File size: 7,568 Bytes

5686f5b

"""This is used for calculating summary statistics over ensembles of StudyJSONs to check that
the distribution of simulated data matches empirical data."""

from abc import ABC, abstractmethod
from typing import Dict, List

import numpy as np

from sim_priors_pk.data.data_empirical.json_schema import IndividualJSON, StudyJSON


class StudyPopulationStats(ABC):
    """Abstract interface for computing and aggregating statistics over ensembles of StudyJSONs."""

    @abstractmethod
    def compute_per_individual(self, ind: IndividualJSON) -> Dict[str, float]:
        """Compute statistics for a single individual (e.g., min/max observation value, count)."""

    @abstractmethod
    def compute_per_study(self, study: StudyJSON) -> Dict[str, float]:
        """Compute statistics for a single study (e.g., min/max observation value, count)."""

    @abstractmethod
    def aggregate(
        self,
        per_study: List[Dict[str, float]],
    ) -> Dict[str, object]:
        """Aggregate statistics across studies (e.g., global extrema, averages, or histograms)."""

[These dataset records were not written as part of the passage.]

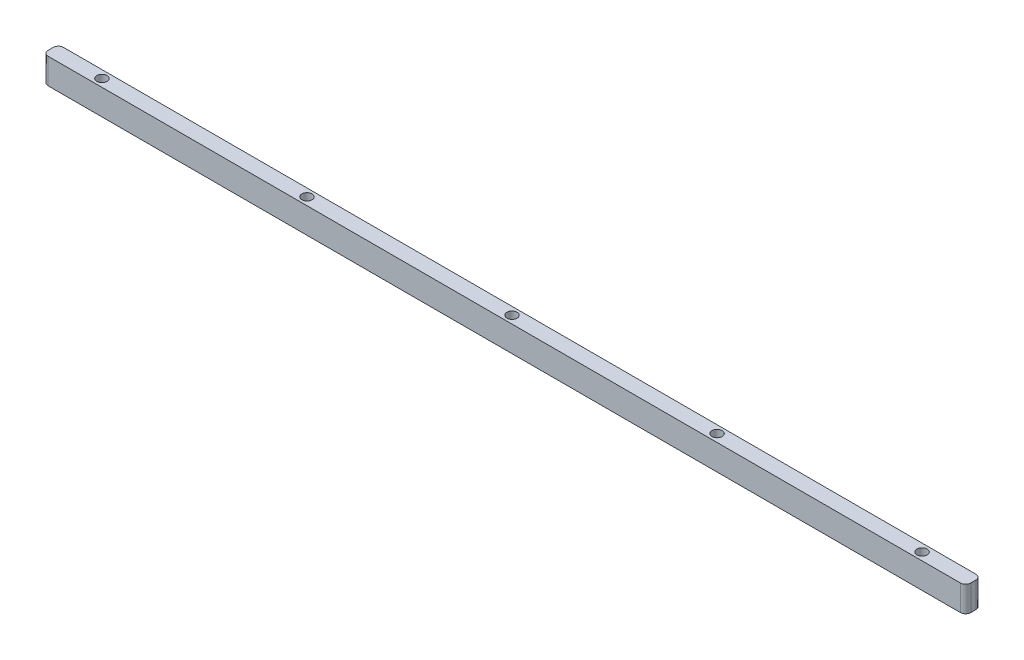
SolidWorks part; units mm, degrees
ref_plane "Front Plane" through (0, 0, 0) normal (0, 0, 1) x (1, 0, 0)
ref_plane "Top Plane" through (0, 0, 0) normal (0, 1, 0) x (1, 0, 0)
ref_plane "Right Plane" through (0, 0, 0) normal (1, 0, 0) x (0, 0, -1)
sketch "Sketch1" plane through (0, 0, 0) normal (0, 1, 0) x (1, 0, 0)
  line L1 (-90, -1.5) -> (90, -1.5)
  line L2 (-90, -1.5) -> (-90, 1.5)
  line L3 (-90, 1.5) -> (90, 1.5)
  line L4 (90, -1.5) -> (90, 1.5)
  line L5 (-90, -1.5) -> (90, 1.5) construction
  line L6 (-90, 1.5) -> (90, -1.5) construction
  circle A0 centre (0, 0) radius 1.5
  circle A1 centre (0, 0) radius 1
  circle A2 centre (40, 0) radius 1
  circle A3 centre (80, 0) radius 1
  circle A4 centre (-40, 0) radius 1
  circle A5 centre (-80, 0) radius 1
  point P0 (0, 0)
  dimension "D3" = 3
  dimension "D7" = 40
  dimension "D8" = 40
  dimension "D1" = 3
  dimension "D2" = 180
  dimension "D4" = 0.5
  dimension "D5" = 3
  dimension "D6" = 3
extrude "Boss-Extrude1" add sketch "Sketch1" along normal blind 5 contours A0 L3 L2 L1 A5 A4 | A0 L1 L4 L3 A3 A2 | A1
fillet "Fillet1" radius 1 4 edges at (90, 2.5, -1.5) (90, 2.5, 1.5) (-90, 2.5, -1.5) (-90, 2.5, 1.5)
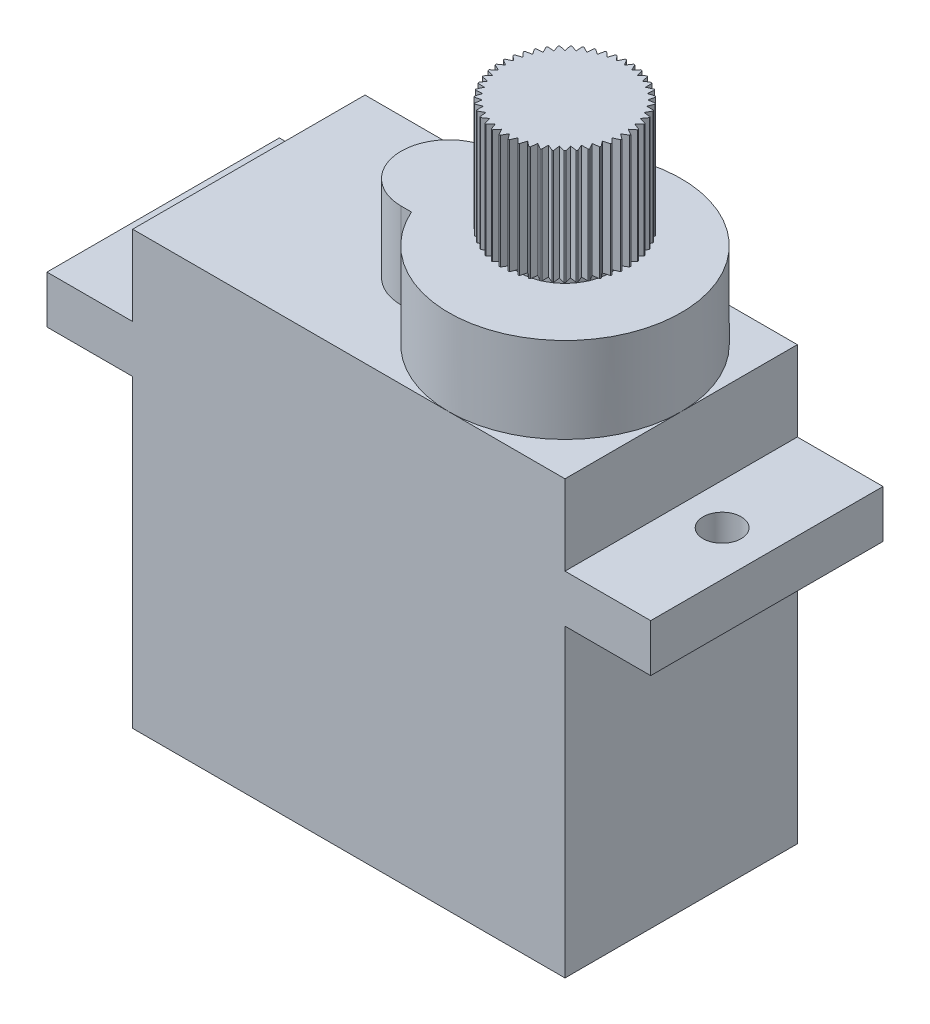
SolidWorks part; units mm, degrees
ref_plane "Front Plane" through (0, 0, 0) normal (0, 0, 1) x (1, 0, 0)
ref_plane "Top Plane" through (0, 0, 0) normal (0, 1, 0) x (1, 0, 0)
ref_plane "Right Plane" through (0, 0, 0) normal (1, 0, 0) x (0, 0, -1)
sketch "Sketch2" plane through (0, 0, 0) normal (0, 1, 0) x (1, 0, 0)
  line L1 (11.35, -6.1) -> (-11.35, -6.1)
  line L2 (11.35, -6.1) -> (11.35, 6.1)
  line L3 (11.35, 6.1) -> (-11.35, 6.1)
  line L4 (-11.35, -6.1) -> (-11.35, 6.1)
  line L5 (11.35, -6.1) -> (-11.35, 6.1) construction
  line L6 (11.35, 6.1) -> (-11.35, -6.1) construction
  point P0 (0, 0)
  dimension "D1" = 22.7
  dimension "D2" = 12.2
extrude "Boss-Extrude1" add sketch "Sketch2" along normal blind 6.7 and the other way blind 16
sketch "Sketch3" plane through (0, 0, 0) normal (0, 1, 0) x (1, 0, 0)
  line L0 (0, 6.1) -> (0, -6.1) construction
  line L1 (11.35, 6.1) -> (-11.35, 6.1) construction
  line L2 (-11.35, -6.1) -> (11.35, -6.1) construction
  line L3 (11.35, 6.1) -> (15.85, 6.1)
  line L4 (15.85, 6.1) -> (15.85, -6.1)
  line L5 (15.85, -6.1) -> (11.35, -6.1)
  line L6 (11.35, -6.1) -> (11.35, 6.1)
  line L7 (-15.85, -6.1) -> (-11.35, -6.1)
  line L8 (-15.85, 6.1) -> (-15.85, -6.1)
  line L9 (-11.35, 6.1) -> (-15.85, 6.1)
  line L10 (-11.35, -6.1) -> (-11.35, 6.1)
  line L11 (-15.85, 0) -> (15.85, 0) construction
  circle A0 centre (13.5, 0) radius 1
  circle A1 centre (-13.5, 0) radius 1
  dimension "D3" = 2
  dimension "D1" = 4.5
  dimension "D2" = 27
extrude "Boss-Extrude2" add sketch "Sketch3" along normal blind 2.5
sketch "Sketch4" plane through (0, 6.7, 0) normal (0, 1, 0) x (1, 0, 0)
  line L0 (-11.35, 0) -> (11.35, 0) construction
  line L1 (-11.35, 6.1) -> (-11.35, -6.1) construction
  line L2 (11.35, -6.1) -> (11.35, 6.1) construction
  line L3 (11.35, 6.1) -> (-11.35, 6.1) construction
  line L4 (-0.85, 0) -> (-0.85, 9.1702) construction
  line L5 (-0.85, 2.5) -> (-0.3142, 2.5)
  line L6 (-0.85, -2.5) -> (-0.3142, -2.5)
  arc A0 (-0.3142, -2.5) -> (-0.3142, 2.5) centre (5.25, 0) ccw
  arc A1 (-0.85, 2.5) -> (-0.85, -2.5) centre (-0.85, 0) ccw
  dimension "D1" = 5
extrude "Boss-Extrude3" add sketch "Sketch4" along normal blind 4.5
sketch "Sketch5" plane through (0, 11.2, 0) normal (0, 1, 0) x (1, 0, 0)
  circle A0 centre (5.25, 0) radius 2.425
  circle A1 centre (5.25, 0) radius 0.5
  point P1 (5.25, 0)
  dimension "D2" = 4.85
  dimension "D3" = 1
  dimension "D1" = 5.25
extrude "Boss-Extrude4" add sketch "Sketch5" along normal blind 2.7 separate body
sketch "Sketch6" plane through (0, 13.9, 0) normal (0, 1, 0) x (1, 0, 0)
  line L0 (5.25, 0) -> (5.25, 3) construction
  line L1 (5.3019, 3.0747) -> (5.5011, 3.3613)
  line L2 (5.5626, 3.3562) -> (5.7113, 3.0403)
  line L3 (5.25, 3) -> (5.75, 2.958) construction
  line L4 (5.5011, 3.3613) -> (5.5626, 3.3562)
  line L5 (5.7113, 3.0403) -> (5.9469, 3.2979)
  line L6 (5.9469, 3.2979) -> (6.0072, 3.2845)
  line L7 (6.0072, 3.2845) -> (6.1124, 2.9517)
  line L8 (6.1124, 2.9517) -> (6.3802, 3.1756)
  line L9 (6.3802, 3.1756) -> (6.4382, 3.1543)
  line L10 (6.4382, 3.1543) -> (6.4981, 2.8105)
  line L11 (6.4981, 2.8105) -> (6.7934, 2.9966)
  line L12 (6.7934, 2.9966) -> (6.848, 2.9678)
  line L13 (6.848, 2.9678) -> (6.8616, 2.619)
  line L14 (6.8616, 2.619) -> (7.179, 2.7641)
  line L15 (7.179, 2.7641) -> (7.2293, 2.7283)
  line L16 (7.2293, 2.7283) -> (7.1963, 2.3808)
  line L17 (7.1963, 2.3808) -> (7.5302, 2.4823)
  line L18 (7.5302, 2.4823) -> (7.5753, 2.4402)
  line L19 (7.5753, 2.4402) -> (7.4963, 2.1002)
  line L20 (7.4963, 2.1002) -> (7.8408, 2.1563)
  line L21 (7.8408, 2.1563) -> (7.8798, 2.1084)
  line L22 (7.8798, 2.1084) -> (7.7561, 1.7821)
  line L23 (7.7561, 1.7821) -> (8.105, 1.7917)
  line L24 (8.105, 1.7917) -> (8.1374, 1.7391)
  line L25 (8.1374, 1.7391) -> (7.9713, 1.4321)
  line L26 (7.9713, 1.4321) -> (8.3184, 1.3952)
  line L27 (8.3184, 1.3952) -> (8.3434, 1.3387)
  line L28 (8.3434, 1.3387) -> (8.1379, 1.0566)
  line L29 (8.1379, 1.0566) -> (8.477, 0.9738)
  line L30 (8.477, 0.9738) -> (8.4943, 0.9145)
  line L31 (8.4943, 0.9145) -> (8.253, 0.6623)
  line L32 (8.253, 0.6623) -> (8.578, 0.535)
  line L33 (8.578, 0.535) -> (8.5872, 0.4739)
  line L34 (8.5872, 0.4739) -> (8.3145, 0.2561)
  line L35 (8.3145, 0.2561) -> (8.6196, 0.0866)
  line L36 (8.6196, 0.0866) -> (8.6206, 0.0249)
  line L37 (8.6206, 0.0249) -> (8.3212, -0.1546)
  line L38 (8.3212, -0.1546) -> (8.6011, -0.3633)
  line L39 (8.6011, -0.3633) -> (8.5938, -0.4246)
  line L40 (8.5938, -0.4246) -> (8.2732, -0.5626)
  line L41 (8.2732, -0.5626) -> (8.5227, -0.8067)
  line L42 (8.5227, -0.8067) -> (8.5074, -0.8665)
  line L43 (8.5074, -0.8665) -> (8.1713, -0.9605)
  line L44 (8.1713, -0.9605) -> (8.386, -1.2357)
  line L45 (8.386, -1.2357) -> (8.3628, -1.2929)
  line L46 (8.3628, -1.2929) -> (8.0172, -1.3413)
  line L47 (8.0172, -1.3413) -> (8.1933, -1.6427)
  line L48 (8.1933, -1.6427) -> (8.1627, -1.6963)
  line L49 (8.1627, -1.6963) -> (7.8137, -1.6982)
  line L50 (7.8137, -1.6982) -> (7.9481, -2.0203)
  line L51 (7.9481, -2.0203) -> (7.9107, -2.0694)
  line L52 (7.9107, -2.0694) -> (7.5645, -2.0248)
  line L53 (7.5645, -2.0248) -> (7.6548, -2.3619)
  line L54 (7.6548, -2.3619) -> (7.6111, -2.4056)
  line L55 (7.6111, -2.4056) -> (7.274, -2.3152)
  line L56 (7.274, -2.3152) -> (7.3185, -2.6614)
  line L57 (7.3185, -2.6614) -> (7.2694, -2.6988)
  line L58 (7.2694, -2.6988) -> (6.9473, -2.5643)
  line L59 (6.9473, -2.5643) -> (6.9453, -2.9133)
  line L60 (6.9453, -2.9133) -> (6.8917, -2.9439)
  line L61 (6.8917, -2.9439) -> (6.5904, -2.7676)
  line L62 (6.5904, -2.7676) -> (6.5419, -3.1133)
  line L63 (6.5419, -3.1133) -> (6.4846, -3.1364)
  line L64 (6.4846, -3.1364) -> (6.2095, -2.9216)
  line L65 (6.2095, -2.9216) -> (6.1154, -3.2577)
  line L66 (6.1154, -3.2577) -> (6.0556, -3.273)
  line L67 (6.0556, -3.273) -> (5.8116, -3.0234)
  line L68 (5.8116, -3.0234) -> (5.6735, -3.344)
  line L69 (5.6735, -3.344) -> (5.6121, -3.3512)
  line L70 (5.6121, -3.3512) -> (5.4036, -3.0713)
  line L71 (5.4036, -3.0713) -> (5.224, -3.3706)
  line L72 (5.224, -3.3706) -> (5.1622, -3.3695)
  line L73 (5.1622, -3.3695) -> (4.9928, -3.0644)
  line L74 (4.9928, -3.0644) -> (4.775, -3.337)
  line L75 (4.775, -3.337) -> (4.7139, -3.3278)
  line L76 (4.7139, -3.3278) -> (4.5867, -3.0027)
  line L77 (4.5867, -3.0027) -> (4.3344, -3.2439)
  line L78 (4.3344, -3.2439) -> (4.2751, -3.2266)
  line L79 (4.2751, -3.2266) -> (4.1924, -2.8875)
  line L80 (4.1924, -2.8875) -> (3.9102, -3.093)
  line L81 (3.9102, -3.093) -> (3.8538, -3.0679)
  line L82 (3.8538, -3.0679) -> (3.8169, -2.7208)
  line L83 (3.8169, -2.7208) -> (3.5099, -2.8868)
  line L84 (3.5099, -2.8868) -> (3.4573, -2.8544)
  line L85 (3.4573, -2.8544) -> (3.4671, -2.5055)
  line L86 (3.4671, -2.5055) -> (3.1407, -2.6291)
  line L87 (3.1407, -2.6291) -> (3.0928, -2.59)
  line L88 (3.0928, -2.59) -> (3.149, -2.2455)
  line L89 (3.149, -2.2455) -> (2.8091, -2.3245)
  line L90 (2.8091, -2.3245) -> (2.7669, -2.2794)
  line L91 (2.7669, -2.2794) -> (2.8685, -1.9455)
  line L92 (2.8685, -1.9455) -> (2.521, -1.9784)
  line L93 (2.521, -1.9784) -> (2.4852, -1.9281)
  line L94 (2.4852, -1.9281) -> (2.6304, -1.6107)
  line L95 (2.6304, -1.6107) -> (2.2817, -1.597)
  line L96 (2.2817, -1.597) -> (2.2529, -1.5424)
  line L97 (2.2529, -1.5424) -> (2.4391, -1.2472)
  line L98 (2.4391, -1.2472) -> (2.0953, -1.1871)
  line L99 (2.0953, -1.1871) -> (2.0741, -1.1291)
  line L100 (2.0741, -1.1291) -> (2.298, -0.8614)
  line L101 (2.298, -0.8614) -> (1.9652, -0.7561)
  line L102 (1.9652, -0.7561) -> (1.9519, -0.6957)
  line L103 (1.9519, -0.6957) -> (2.2095, -0.4602)
  line L104 (2.2095, -0.4602) -> (1.8937, -0.3115)
  line L105 (1.8937, -0.3115) -> (1.8886, -0.2499)
  line L106 (1.8886, -0.2499) -> (2.1753, -0.0509)
  line L107 (2.1753, -0.0509) -> (1.8822, 0.1386)
  line L108 (1.8822, 0.1386) -> (1.8853, 0.2003)
  line L109 (1.8853, 0.2003) -> (2.1959, 0.3594)
  line L110 (2.1959, 0.3594) -> (1.9307, 0.5863)
  line L111 (1.9307, 0.5863) -> (1.942, 0.647)
  line L112 (1.942, 0.647) -> (2.2711, 0.7633)
  line L113 (2.2711, 0.7633) -> (2.0385, 1.0235)
  line L114 (2.0385, 1.0235) -> (2.0577, 1.0821)
  line L115 (2.0577, 1.0821) -> (2.3994, 1.1535)
  line L116 (2.3994, 1.1535) -> (2.2035, 1.4424)
  line L117 (2.2035, 1.4424) -> (2.2305, 1.498)
  line L118 (2.2305, 1.498) -> (2.5786, 1.5232)
  line L119 (2.5786, 1.5232) -> (2.423, 1.8356)
  line L120 (2.423, 1.8356) -> (2.4571, 1.8871)
  line L121 (2.4571, 1.8871) -> (2.8054, 1.8656)
  line L122 (2.8054, 1.8656) -> (2.6928, 2.196)
  line L123 (2.6928, 2.196) -> (2.7335, 2.2425)
  line L124 (2.7335, 2.2425) -> (3.0759, 2.1748)
  line L125 (3.0759, 2.1748) -> (3.0084, 2.5173)
  line L126 (3.0084, 2.5173) -> (3.0549, 2.5579)
  line L127 (3.0549, 2.5579) -> (3.3852, 2.4452)
  line L128 (3.3852, 2.4452) -> (3.3639, 2.7936)
  line L129 (3.3639, 2.7936) -> (3.4154, 2.8277)
  line L130 (3.4154, 2.8277) -> (3.7277, 2.6719)
  line L131 (3.7277, 2.6719) -> (3.7531, 3.02)
  line L132 (3.7531, 3.02) -> (3.8086, 3.047)
  line L133 (3.8086, 3.047) -> (4.0975, 2.851)
  line L134 (4.0975, 2.851) -> (4.1689, 3.1926)
  line L135 (4.1689, 3.1926) -> (4.2276, 3.2119)
  line L136 (4.2276, 3.2119) -> (4.4877, 2.9792)
  line L137 (4.4877, 2.9792) -> (4.6041, 3.3082)
  line L138 (4.6041, 3.3082) -> (4.6648, 3.3195)
  line L139 (4.6648, 3.3195) -> (4.8916, 3.0542)
  line L140 (4.8916, 3.0542) -> (5.0508, 3.3648)
  line L141 (5.0508, 3.3648) -> (5.1125, 3.3679)
  line L142 (5.1125, 3.3679) -> (5.3019, 3.0747)
  point P193 (5.25, 0)
  dimension "D2" = 0.5
  dimension "D3" = 60
  dimension "D4" = 0.44
  dimension "D5" = 0.3811
  dimension "D6" = 47
extrude "Boss-Extrude5" add sketch "Sketch6" along normal blind 4 and the other way blind 2

    def compute_study_population_statistics(
        self,
        studies: List[StudyJSON],
    ) -> Dict[str, object]:
        """Compute and aggregate statistics for a StudyJSON ensemble."""
        per_study = [self.compute_per_study(study) for study in studies]
        return self.aggregate(per_study)


class BasicObservationStats(StudyPopulationStats):
    """Compute descriptive statistics for observation values across individuals.
    For each individual, computes:
    - nAUC: Area Under the Curve (AUC), normalized by dose, using trapezoidal rule.
    - nCmax: Maximum observed concentration, normalized by dose.
    - Tmax: Time at which Cmax occurs.
    - Nobs: Number of observations.
    - Duration: Duration of the observation period (max observation time).
    For each study, computes:
    - Mean and standard deviation of nAUC, nCmax, Tmax across individuals.
    - Mean and total number of observations (Nobs) across all individuals.
    - Total study duration (max Duration across individuals).
    Aggregates across studies to provide percentiles of each study-level statistic.
    """

    def __init__(self, alpha=0.1):
        self.alpha = alpha

    def compute_per_individual(self, ind: IndividualJSON) -> Dict[str, float]:
        obs_vals = ind.get("observations", [])
        obs_times = ind.get("observation_times", [])
        dose = ind.get("dosing", [])
        dosing_time = ind.get("dosing_times", [])
        route = ind.get("dosing_type", [])

        if not obs_vals:
            return {"nAUC": np.nan, "nCmax": np.nan, "Tmax": np.nan, "Nobs": 0, "Duration": np.nan}

        # Check that input times are sorted and match the number of observations
        if len(obs_times) != len(obs_vals) or any(
            obs_times[i] >= obs_times[i + 1] for i in range(len(obs_times) - 1)
        ):
            raise ValueError(
                "Observation times must be sorted and match the number of observations."
            )

        # Check that there is only a single positive dose
        if len(dose) != 1 or len(dosing_time) != 1 or len(route) != 1:
            raise ValueError("Only single dosing is supported in this statistic.")
        if dose[0] <= 0 or np.isnan(dose) or np.isnan(dosing_time[0]):
            raise ValueError("Dose must be positive.")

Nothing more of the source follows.